Employees working from home should be covered by workers compensation insurance
If an employee is injured while working at home – or at any time during the course of their employment – the employer's workers' compensation insurance should cover that employee.
For instance, if the worker trips over cables, slips on the floor or tumbles down stairs in the home workspace during work time, then by law the employer should have them covered by insurance. Employers could be liable even if an employee has an accident making coffee in their own kitchen during work time.
Develop a home workplace safety checklist
During the current health crisis when many employers are suddenly telling workers to carry out their tasks at home – mostly on computer or phone – it would be best to develop a checklist for employees to verify that their home workspace complies with health and safety standards.

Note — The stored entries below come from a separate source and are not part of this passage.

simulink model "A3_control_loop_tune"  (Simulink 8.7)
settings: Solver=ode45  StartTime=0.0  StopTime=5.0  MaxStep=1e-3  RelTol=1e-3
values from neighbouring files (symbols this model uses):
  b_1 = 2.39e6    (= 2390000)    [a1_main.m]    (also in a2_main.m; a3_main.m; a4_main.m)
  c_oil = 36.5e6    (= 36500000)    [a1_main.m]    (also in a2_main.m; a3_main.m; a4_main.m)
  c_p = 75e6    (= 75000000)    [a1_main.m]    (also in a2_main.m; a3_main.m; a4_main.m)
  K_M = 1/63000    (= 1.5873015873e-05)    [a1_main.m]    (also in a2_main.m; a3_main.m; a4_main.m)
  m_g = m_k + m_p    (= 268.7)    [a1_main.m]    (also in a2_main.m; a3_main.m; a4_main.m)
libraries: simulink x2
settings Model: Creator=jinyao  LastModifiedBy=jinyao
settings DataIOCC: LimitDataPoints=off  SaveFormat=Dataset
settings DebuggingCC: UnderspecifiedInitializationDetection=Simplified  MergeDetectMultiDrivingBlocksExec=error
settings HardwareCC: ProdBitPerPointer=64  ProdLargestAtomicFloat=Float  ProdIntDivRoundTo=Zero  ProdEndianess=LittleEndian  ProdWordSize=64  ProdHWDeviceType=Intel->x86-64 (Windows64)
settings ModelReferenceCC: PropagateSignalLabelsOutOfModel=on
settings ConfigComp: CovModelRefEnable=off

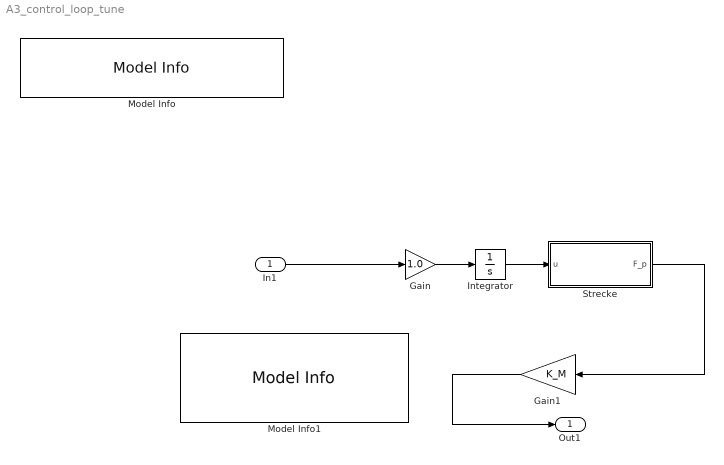
== system A3_control_loop_tune ==
  In1 : Inport
  Gain : Gain  Gain=1.0
  Gain1 : Gain  Gain=K_M
  Integrator : Integrator
  Model Info : simulink/Model-Wide Utilities/Model Info  Frame=on  DisplayStringWithTags=|  HorizontalTextAlignment=Center  LeftAlignmentValue=0.5  SourceBlockDiagram=A3_control_loop_tune  TagMaxNumber=20
      | %<ModelName>
      | 
      | GRUPPE 11
      | 
      | Cao,Bozhi  Gao,Yue  Jia,Xuehua  Zhu,Jinyao
  Model Info1 : simulink/Model-Wide Utilities/Model Info  Frame=on  DisplayStringWithTags=|  HorizontalTextAlignment=Center  LeftAlignmentValue=0.5  SourceBlockDiagram=A3_control_loop_tune  TagMaxNumber=20
      | %<ModelName>
      | 
      | MODSIM GRUPPE 11
      | 
      | Cao,Bozhi  Gao,Yue  Jia,Xuehua  Zhu,Jinyao
      | 
      | 14.06.2018
  Strecke : Subsystem
  Out1 : Outport
  wires:
  Integrator/1 -> Strecke/1(u)
  Gain/1 -> Integrator/1
  In1/1 -> Gain/1
  Strecke/1(F_p) -> Gain1/1
  Gain1/1 -> Out1/1

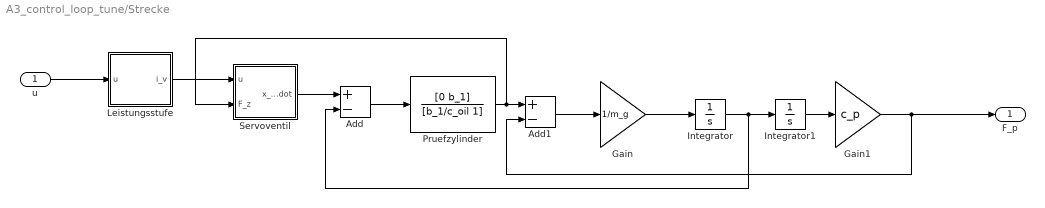
== system A3_control_loop_tune/Strecke ==
  u : Inport
  Add : Sum  Inputs=+-
  Add1 : Sum  Inputs=+-
  Gain : Gain  Gain=1/m_g
  Gain1 : Gain  Gain=c_p
  Integrator : Integrator
  Integrator1 : Integrator
  Leistungsstufe : Subsystem
  Pruefzylinder : TransferFcn  Numerator=[0 b_1]  Denominator=[b_1/c_oil 1]
  Servoventil : Subsystem
  F_p : Outport
  wires:
  Leistungsstufe/1(i_v) -> Servoventil/1(u)
  Servoventil/1(x_oil_dot) -> Add/1
  Add/1 -> Pruefzylinder/1
  Add1/1 -> Gain/1
  Pruefzylinder/1 -> Servoventil/2(F_z), Add1/1
  Gain/1 -> Integrator/1
  Integrator1/1 -> Gain1/1
  Integrator/1 -> Add/2, Integrator1/1
  Gain1/1 -> F_p/1, Add1/2
  u/1 -> Leistungsstufe/1(u)

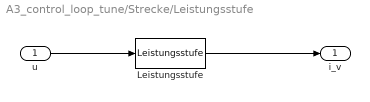
== system A3_control_loop_tune/Strecke/Leistungsstufe ==
  u : Inport
  Leistungsstufe : MATLABFcn  MATLABFcn=Leistungsstufe  OutputDimensions=1  OutputSignalType=real
  i_v : Outport
  wires:
  Leistungsstufe/1 -> i_v/1
  u/1 -> Leistungsstufe/1

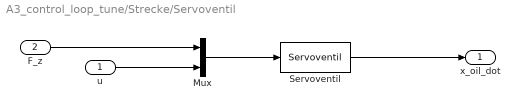
== system A3_control_loop_tune/Strecke/Servoventil ==
  u : Inport
  F_z : Inport  Port=2
  Mux : Mux  Inputs=2
  Servoventil : MATLABFcn  MATLABFcn=Servoventil  OutputDimensions=1  OutputSignalType=real
  x_oil_dot : Outport
  wires:
  Servoventil/1 -> x_oil_dot/1
  u/1 -> Mux/2
  Mux/1 -> Servoventil/1
  F_z/1 -> Mux/1

With self-isolation it is impossible to check employees' homes physically to ensure they comply, so it would be wise for employers to get legal advice on how best to formulate a home workplace safety checklist.
If employers can demonstrate they have such a policy and checklist, and have trained or instructed employees on safe home workplace requirements, this should serve to protect the employer if an employee has an accident while working from home.
Employers could demonstrate safe workplace requirements via Skype or Facetime and use this opportunity to do a visual inspection of the home workspace, pointing out potential problems.
Employees ordered to work from home where there are safety problems – including domestic violence – should consult a workplace lawyer, as they may have a right to claim compensation.
The content of this article is intended to provide a general guide to the subject matter. Specialist advice should be sought about your specific circumstances.